The Generation 14plus competition will open with the previously announced off-Bollywood production “Road, Movie,” by Dev Benegal. Pic is described as a tribute to India’s mobile cinema culture.

Also previously announced, Pedro Gonzalez-Rubio’s Mexican drama “To the Sea,” the story of a father and son set in a nature reserve in the Mexican Caribbean, kicks off the Generation Kplus competition.

Among the section’s short film selections is Spike Jonze’s “I’m Here,” which illustrates that robots are also capable of passionate love.

The Generation program comprises 28 features (among them 10 world premieres and five international preems) and 28 short films from 31 countries.

Meanwhile, the Berlinale’s Culinary Cinema section, which runs Feb. 14-19, has unveiled 11 films revolving around the relationship between food and love, nature and the environment.

Unspooling in the nearby Martin Gropius Bau venue, which houses the European Film Market, Culinary Cinema also includes dinner, with culinary delights by star chefs.

“The concept for the series has proven successful,” said Berlinale topper Dieter Kosslick. “We show films that whet our audiences’ appetites and then we cook for them. Though we also show films that ruin their appetites. For instance, films that open their eyes to the catastrophic global food situation.”

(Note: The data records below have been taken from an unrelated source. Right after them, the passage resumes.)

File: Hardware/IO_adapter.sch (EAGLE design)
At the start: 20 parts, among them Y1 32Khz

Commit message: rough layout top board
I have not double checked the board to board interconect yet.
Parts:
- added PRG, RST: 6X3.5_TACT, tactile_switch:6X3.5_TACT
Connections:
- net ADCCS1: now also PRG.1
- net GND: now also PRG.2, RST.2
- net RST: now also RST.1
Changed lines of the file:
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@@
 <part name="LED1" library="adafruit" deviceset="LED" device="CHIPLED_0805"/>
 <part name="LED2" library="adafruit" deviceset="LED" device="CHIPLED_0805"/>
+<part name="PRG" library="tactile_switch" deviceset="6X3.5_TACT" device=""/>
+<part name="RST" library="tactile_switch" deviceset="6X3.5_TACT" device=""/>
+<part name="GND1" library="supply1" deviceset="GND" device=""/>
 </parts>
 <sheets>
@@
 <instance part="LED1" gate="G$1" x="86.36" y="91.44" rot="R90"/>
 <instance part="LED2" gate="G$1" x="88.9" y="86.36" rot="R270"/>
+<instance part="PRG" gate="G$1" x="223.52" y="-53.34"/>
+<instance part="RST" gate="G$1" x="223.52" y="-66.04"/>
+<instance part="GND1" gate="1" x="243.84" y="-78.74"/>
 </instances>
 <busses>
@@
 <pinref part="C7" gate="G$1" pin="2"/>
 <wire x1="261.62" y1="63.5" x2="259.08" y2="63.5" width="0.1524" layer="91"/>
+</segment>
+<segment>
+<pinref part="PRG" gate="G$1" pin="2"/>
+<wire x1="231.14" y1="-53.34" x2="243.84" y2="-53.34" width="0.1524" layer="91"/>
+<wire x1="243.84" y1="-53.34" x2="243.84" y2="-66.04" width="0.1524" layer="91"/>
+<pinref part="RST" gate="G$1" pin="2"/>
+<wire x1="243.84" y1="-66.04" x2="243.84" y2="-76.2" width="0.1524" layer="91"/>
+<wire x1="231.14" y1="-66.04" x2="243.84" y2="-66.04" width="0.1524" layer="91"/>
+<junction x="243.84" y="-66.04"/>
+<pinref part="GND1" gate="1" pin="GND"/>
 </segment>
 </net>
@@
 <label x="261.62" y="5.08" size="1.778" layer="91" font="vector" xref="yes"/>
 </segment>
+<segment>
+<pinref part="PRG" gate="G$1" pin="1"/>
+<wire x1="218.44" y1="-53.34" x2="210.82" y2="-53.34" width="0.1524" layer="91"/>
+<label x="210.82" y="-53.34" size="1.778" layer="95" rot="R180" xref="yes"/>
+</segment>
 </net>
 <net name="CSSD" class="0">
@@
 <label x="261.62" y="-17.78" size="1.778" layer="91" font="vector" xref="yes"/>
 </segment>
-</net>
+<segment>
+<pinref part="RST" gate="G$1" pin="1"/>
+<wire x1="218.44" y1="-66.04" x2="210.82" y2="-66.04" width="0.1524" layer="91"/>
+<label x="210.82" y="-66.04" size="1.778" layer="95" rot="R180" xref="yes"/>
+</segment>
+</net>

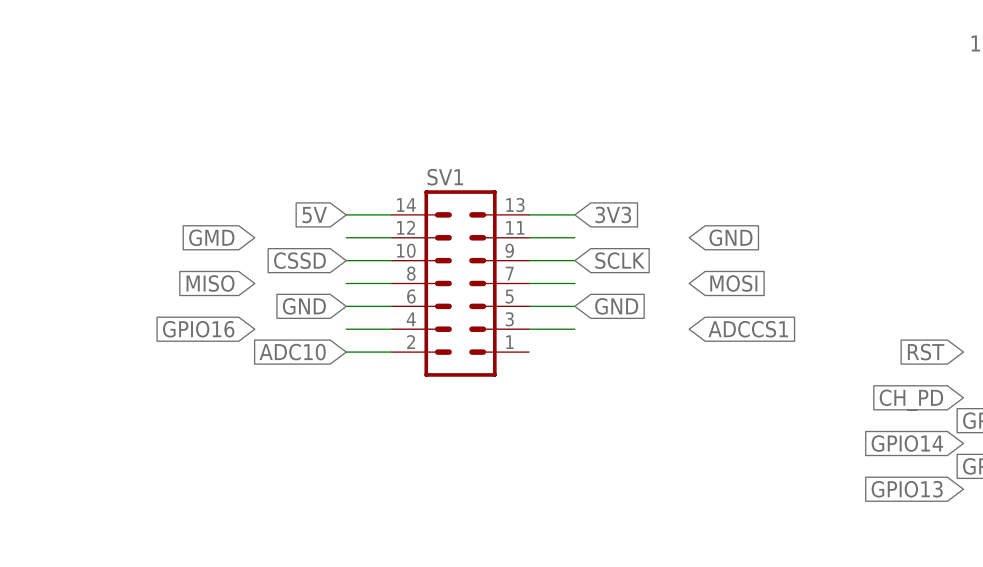
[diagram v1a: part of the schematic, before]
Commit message: completed routing for both boards
routed out both the base and IO board. Should be ready for verification
There will be errors.
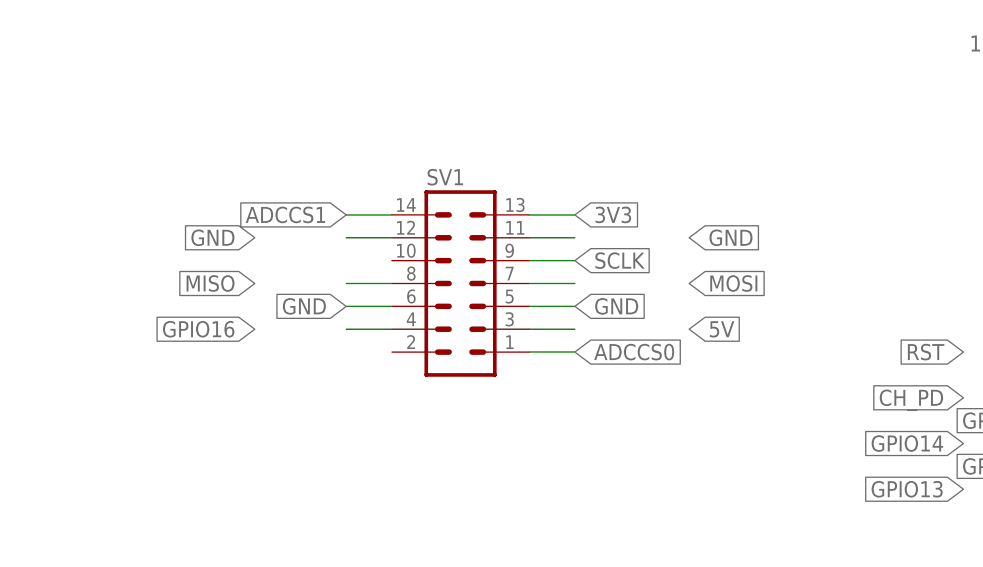
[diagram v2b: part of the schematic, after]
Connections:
- removed net ADC10: SV1.2
- removed net GMD: SV1.12
- net 5V: now also SV1.3; no longer SV1.14
- net ADCCS0: now also SV1.1
- net ADCCS1: now also SV1.14; no longer SV1.3
- net CSSD: no longer SV1.10
- net GND: now also SV1.12
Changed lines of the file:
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@@
 <pinref part="GND1" gate="1" pin="GND"/>
+</segment>
+<segment>
+<pinref part="SV1" gate="G$1" pin="12"/>
+<wire x1="71.12" y1="17.78" x2="66.04" y2="17.78" width="0.1524" layer="91"/>
+<label x="55.88" y="17.78" size="1.778" layer="91" font="vector" rot="R180" xref="yes"/>
 </segment>
 </net>
@@
 </segment>
 <segment>
-<pinref part="SV1" gate="G$1" pin="3"/>
-<wire x1="86.36" y1="7.62" x2="91.44" y2="7.62" width="0.1524" layer="91"/>
-<label x="104.14" y="7.62" size="1.778" layer="91" font="vector" xref="yes"/>
-</segment>
-<segment>
 <pinref part="U1" gate="G$1" pin="GPIO0"/>
 <wire x1="182.88" y1="-5.08" x2="187.96" y2="-5.08" width="0.1524" layer="91"/>
@@
 <wire x1="218.44" y1="-53.34" x2="210.82" y2="-53.34" width="0.1524" layer="91"/>
 <label x="210.82" y="-53.34" size="1.778" layer="95" rot="R180" xref="yes"/>
+</segment>
+<segment>
+<pinref part="SV1" gate="G$1" pin="14"/>
+<wire x1="71.12" y1="20.32" x2="66.04" y2="20.32" width="0.1524" layer="91"/>
+<label x="66.04" y="20.32" size="1.778" layer="91" rot="R180" xref="yes"/>
 </segment>
 </net>
@@
 </segment>
 <segment>
-<pinref part="SV1" gate="G$1" pin="10"/>
-<wire x1="71.12" y1="15.24" x2="66.04" y2="15.24" width="0.1524" layer="91"/>
-<label x="66.04" y="15.24" size="1.778" layer="91" font="vector" rot="R180" xref="yes"/>
-</segment>
-<segment>
 <pinref part="U1" gate="G$1" pin="CS0"/>
 <wire x1="160.02" y1="-30.48" x2="160.02" y2="-45.72" width="0.1524" layer="91"/>
 <label x="160.02" y="-45.72" size="1.778" layer="91" rot="R270" xref="yes"/>
-</segment>
-</net>
-<net name="ADC10" class="0">
-<segment>
-<pinref part="SV1" gate="G$1" pin="2"/>
-<wire x1="71.12" y1="5.08" x2="66.04" y2="5.08" width="0.1524" layer="91"/>
-<label x="66.04" y="5.08" size="1.778" layer="91" font="vector" rot="R180" xref="yes"/>
 </segment>
 </net>
@@
 </segment>
 <segment>
-<pinref part="SV1" gate="G$1" pin="14"/>
-<wire x1="66.04" y1="20.32" x2="71.12" y2="20.32" width="0.1524" layer="91"/>
-<label x="66.04" y="20.32" size="1.778" layer="91" font="vector" rot="R180" xref="yes"/>
+<pinref part="SV1" gate="G$1" pin="3"/>
+<wire x1="86.36" y1="7.62" x2="91.44" y2="7.62" width="0.1524" layer="91"/>
+<label x="104.14" y="7.62" size="1.778" layer="95" xref="yes"/>
 </segment>
 </net>
@@
 </segment>
 </net>
-<net name="GMD" class="0">
-<segment>
-<pinref part="SV1" gate="G$1" pin="12"/>
-<wire x1="71.12" y1="17.78" x2="66.04" y2="17.78" width="0.1524" layer="91"/>
-<label x="55.88" y="17.78" size="1.778" layer="91" font="vector" rot="R180" xref="yes"/>
-</segment>
-</net>
 <net name="ADCCS0" class="0">
 <segment>
@@
 <label x="261.62" y="-2.54" size="1.778" layer="91" font="vector" xref="yes"/>
 </segment>
-</net>
+<segment>
+<pinref part="SV1" gate="G$1" pin="1"/>
+<wire x1="86.36" y1="5.08" x2="91.44" y2="5.08" width="0.1524" layer="91"/>
+<label x="91.44" y="5.08" size="1.778" layer="95" xref="yes"/>
+</segment>
+</net>

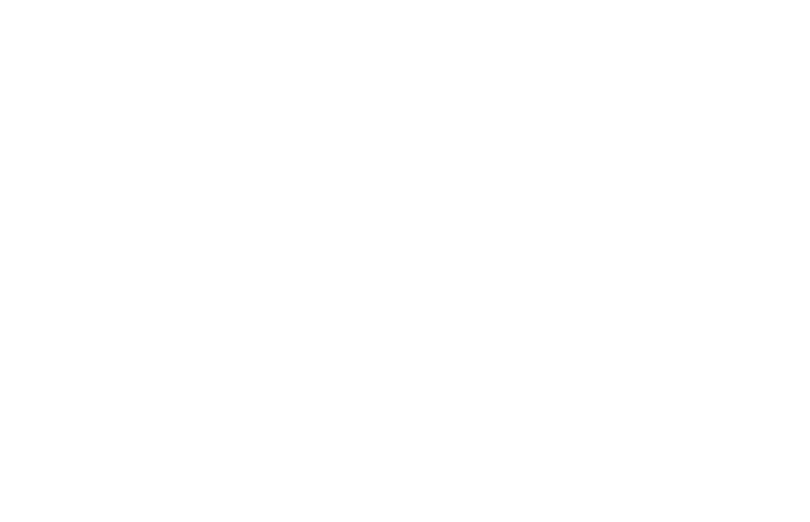
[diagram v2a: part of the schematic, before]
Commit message: added the programming header
I had forgotten the programming header. It's right there now.
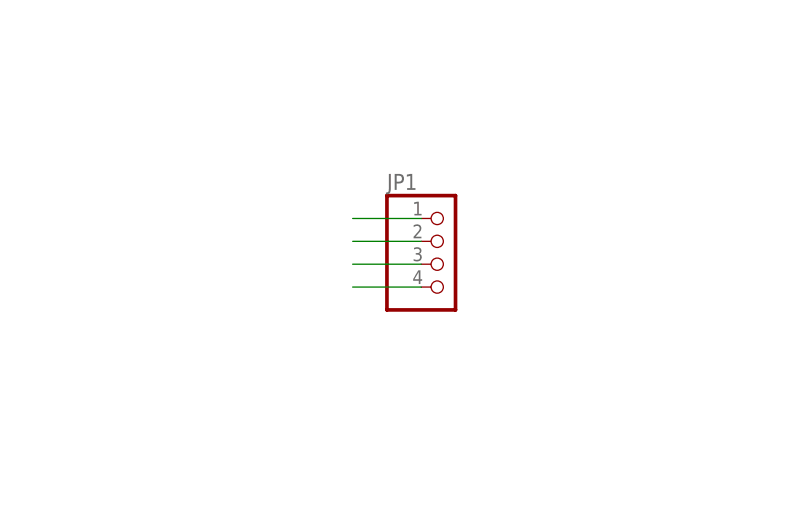
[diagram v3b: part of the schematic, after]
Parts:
- added JP1: (no value), pinhead:PINHD-1X4
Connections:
- net 3V3: now also JP1.1
- net GND: now also JP1.4
- net RXD: now also JP1.2
- net TXD: now also JP1.3
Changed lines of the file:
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@@
 <part name="RST" library="tactile_switch" deviceset="6X3.5_TACT" device=""/>
 <part name="GND1" library="supply1" deviceset="GND" device=""/>
+<part name="JP1" library="pinhead" deviceset="PINHD-1X4" device=""/>
 </parts>
 <sheets>
@@
 <instance part="RST" gate="G$1" x="223.52" y="-66.04"/>
 <instance part="GND1" gate="1" x="243.84" y="-78.74"/>
+<instance part="JP1" gate="A" x="170.18" y="86.36"/>
 </instances>
 <busses>
@@
 <wire x1="71.12" y1="17.78" x2="66.04" y2="17.78" width="0.1524" layer="91"/>
 <label x="55.88" y="17.78" size="1.778" layer="91" font="vector" rot="R180" xref="yes"/>
+</segment>
+<segment>
+<pinref part="JP1" gate="A" pin="4"/>
+<wire x1="167.64" y1="83.82" x2="160.02" y2="83.82" width="0.1524" layer="91"/>
 </segment>
 </net>
@@
 <junction x="271.78" y="53.34"/>
 </segment>
+<segment>
+<pinref part="JP1" gate="A" pin="1"/>
+<wire x1="167.64" y1="91.44" x2="160.02" y2="91.44" width="0.1524" layer="91"/>
+</segment>
 </net>
 <net name="ADCCS1" class="0">
@@
 <label x="200.66" y="5.08" size="1.778" layer="91" xref="yes"/>
 </segment>
+<segment>
+<pinref part="JP1" gate="A" pin="3"/>
+<wire x1="167.64" y1="86.36" x2="160.02" y2="86.36" width="0.1524" layer="91"/>
+</segment>
 </net>
 <net name="RXD" class="0">
@@
 <label x="187.96" y="2.54" size="1.778" layer="91" xref="yes"/>
 </segment>
-</net>
+<segment>
+<pinref part="JP1" gate="A" pin="2"/>
+<wire x1="167.64" y1="88.9" x2="160.02" y2="88.9" width="0.1524" layer="91"/>
+</segment>
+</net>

Tilda Swinton, last year’s Berlinale jury prexy, will join director Luca Guadagnino to present the film “Io sono l’amore” (I Am Love), which kicks off this year’s Culinary Cinema.

Other screeners include Fredrik Gertten’s “Bananas!*,” which examines unscrupulous production of this tropical fruit by a large U.S. company; “Iranian Cookbook,” by Iranian filmmaker Mohammad Shirvani; and Chris Smith’s “Collapse,” about a former CIA agent who has visions of a world without crude oil.

Pre-sales for the Culinary Cinema begin online on Jan. 18.

The Berlin Film Festival runs Feb. 11-21.